Further, in the step (1), the molar ratio of choline chloride to nickel chloride in the choline chloride-nickel chloride ionic liquid is 1: 2.

Further, in the step (2), the distance between the soluble anode and the cathode is 2.5 cm.

Further, in the step (3), the constant current density is 10-15mA/cm²。

Further, in the step (3), the electrodeposition temperature is 85 to 95 ℃.

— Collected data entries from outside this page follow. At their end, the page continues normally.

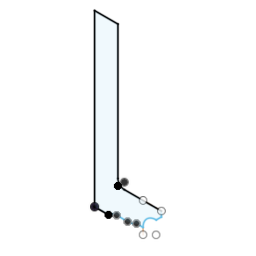
Muototerä3 (Autodesk Fusion 360 design; units mm, degrees)
Autodesk Fusion 360 part; units mm, degrees
sketch "Sketch1" plane through (0, 0, 0) normal (0, 0, 1) x (1, 0, 0)
  line L0 (0, 0) -> (0, 46.3)
  line L1 (0, 46.3) -> (6.35, 46.3)
  line L2 (6.35, 46.3) -> (6.35, 9.85)
  line L3 (8.1, 8.1) -> (18.2, 8.1)
  arc A0 (6.35, 9.85) -> (8.1, 8.1) centre (8.1, 9.85) ccw
  line L4 (18.2, 8.1) -> (18.2, 6.7)
  line L5 (18.2, 6.7) -> (16.8, 5.3)
  line L6 (13.2, 0) -> (13.2, 1.75) construction
  line L7 (13.2, 8.1) -> (18.2, 8.1) construction
  arc A1 (16.8, 5.3) -> (13.2, 1.75) centre (16.7503, 1.75) ccw
  line L8 (0, 0) -> (3.8, 0) construction
  line L9 (13.2, 1.75) -> (11.4, 1.75)
  spline S0 degree 5 poles (3.8, 0) (3.874, 0.0724) (4.0254, 0.2108) (4.2632, 0.3991) (4.6016, 0.6114) (5.0606, 0.8115) (5.5553, 0.947) (6.0834, 1.0219) (6.6399, 1.0454) (7.2162, 1.0336) (7.8014, 1.0063) (8.3841, 0.9843) (8.9535, 0.9874) (9.5011, 1.0314) (10.0218, 1.1255) (10.5134, 1.274) (10.8827, 1.437) (11.1465, 1.584) (11.3165, 1.6928) (11.4, 1.75) knots 0 0 0 0 0 0 0.066667 0.133333 0.2 0.266667 0.333333 0.4 0.466667 0.533333 0.6 0.666667 0.733333 0.8 0.866667 0.933333 1 1 1 1 1 1
  line L10 (6, 1) -> (5.4739, 0.9123)
  line L11 (0, 0) -> (3.8, 0)
  point P0 (6.35, 8.1)
  point P1 (9, 1)
  dimension "d1" = 46.3
  dimension "d2" = 6.35
  dimension "d3" = 38.2
  dimension "d11" = 1.75
  dimension "d12" = 1.4
  dimension "d16" = 6.35
  dimension "d17" = 3.8
  dimension "d18" = 1.8
  constraint coincident L0.start L8.start
  constraint vertical L0
  constraint perpendicular L0 L1
  constraint perpendicular L1 L2
  constraint perpendicular L0 L11
  constraint perpendicular L2 L3
  constraint coincident P0 L2
  constraint coincident P0 L3
  constraint tangent L2 A0
  constraint tangent L3 A0
  constraint perpendicular L3 L4
  constraint vertical L6
  constraint horizontal L7
  constraint tangent L6 A1
  constraint perpendicular L0 L8
  constraint perpendicular L6 L9
  constraint coincident S0 L10.end
  measures "d1" distance of L0.start L0.end
  measures "d2" distance of L0.end L1.end
  measures "d3" distance of L1.end P0
  measures "d11" radius of A0
  measures "d12" distance of L3.end L4.end
  measures "d16" distance of L7.start L6.end
  measures "d17" distance of L0.start L8.end
  measures "d18" distance of L6.end L9.end
revolve "Revolve1" add sketch "Sketch1" angle 360 about axis through (0, 0, 0) along (0, 1, 0) contours L0 L1 L2 L3 A0 L4 L5 A1 L9 S0 L11

Further, the electrodeposition time is 60 to 90 minutes.

Example 1:

1) the mol ratio of choline chloride to nickel chloride in the ionic liquid is 1:2, the choline chloride and the nickel chloride are uniformly mixed according to a certain proportion, then the mixture is heated to 75 ℃, the temperature is kept constant until the two solids are completely dissolved, and the generated transparent viscous liquid is the choline chloride-nickel chloride ionic liquid;

2) putting a nickel sheet as a soluble anode and a copper block as a cathode into the ions heated to 85 ℃ for constant current electrodeposition for 60 minutes, wherein the distance between the anode and the cathode is 2.5cm, and the current density is 10mA/cm²；

3) After electrodeposition, taking out the sample, ultrasonically cleaning the sample by using deionized water, and finally blowing the sample at low temperature by using a blower;

XRD analysis pattern of the resulting coating referring to fig. 2, it can be seen that the coating on the copper substrate is a nickel plating.

Example 2:

1) the mol ratio of choline chloride to nickel chloride in the ionic liquid is 1:2, the choline chloride and the nickel chloride are uniformly mixed according to a certain proportion, then the mixture is heated to 75 ℃, the temperature is kept constant until the two solids are completely dissolved, and the generated transparent viscous liquid is the choline chloride-nickel chloride ionic liquid;

2) putting a nickel sheet as a soluble anode and a copper block as a cathode into the ions heated to 90 ℃ for 75 minutes of constant current electrodeposition, wherein the distance between the anode and the cathode is 2.5cm, and the current density is 12mA/cm²；

3) After electrodeposition, taking out the sample, ultrasonically cleaning the sample by using deionized water, and finally drying the sample at low temperature by using a blower;

EDS map of the resulting coating referring to fig. 3, it can be seen that the coating on the copper substrate is a nickel plating.

Example 3:

1) the mol ratio of choline chloride to nickel chloride in the ionic liquid is 1:2, the choline chloride and the nickel chloride are uniformly mixed according to a certain proportion, then the mixture is heated to 75 ℃, the temperature is kept constant until the two solids are completely dissolved, and the generated transparent viscous liquid is the choline chloride-nickel chloride ionic liquid;

2) putting a nickel sheet as a soluble anode and a copper block as a cathode into the ions heated to 95 ℃ for constant current electrodeposition for 90 minutes, wherein the distance between the anode and the cathode is 2.5cm, and the current density is 15mA/cm²；

3) After electrodeposition, taking out the sample, ultrasonically cleaning the sample by using deionized water, and finally drying the sample at low temperature by using a blower; surface energy spectrum analysis of the resulting coating referring to fig. 4, it can be seen that the coating on the copper substrate is a nickel coating.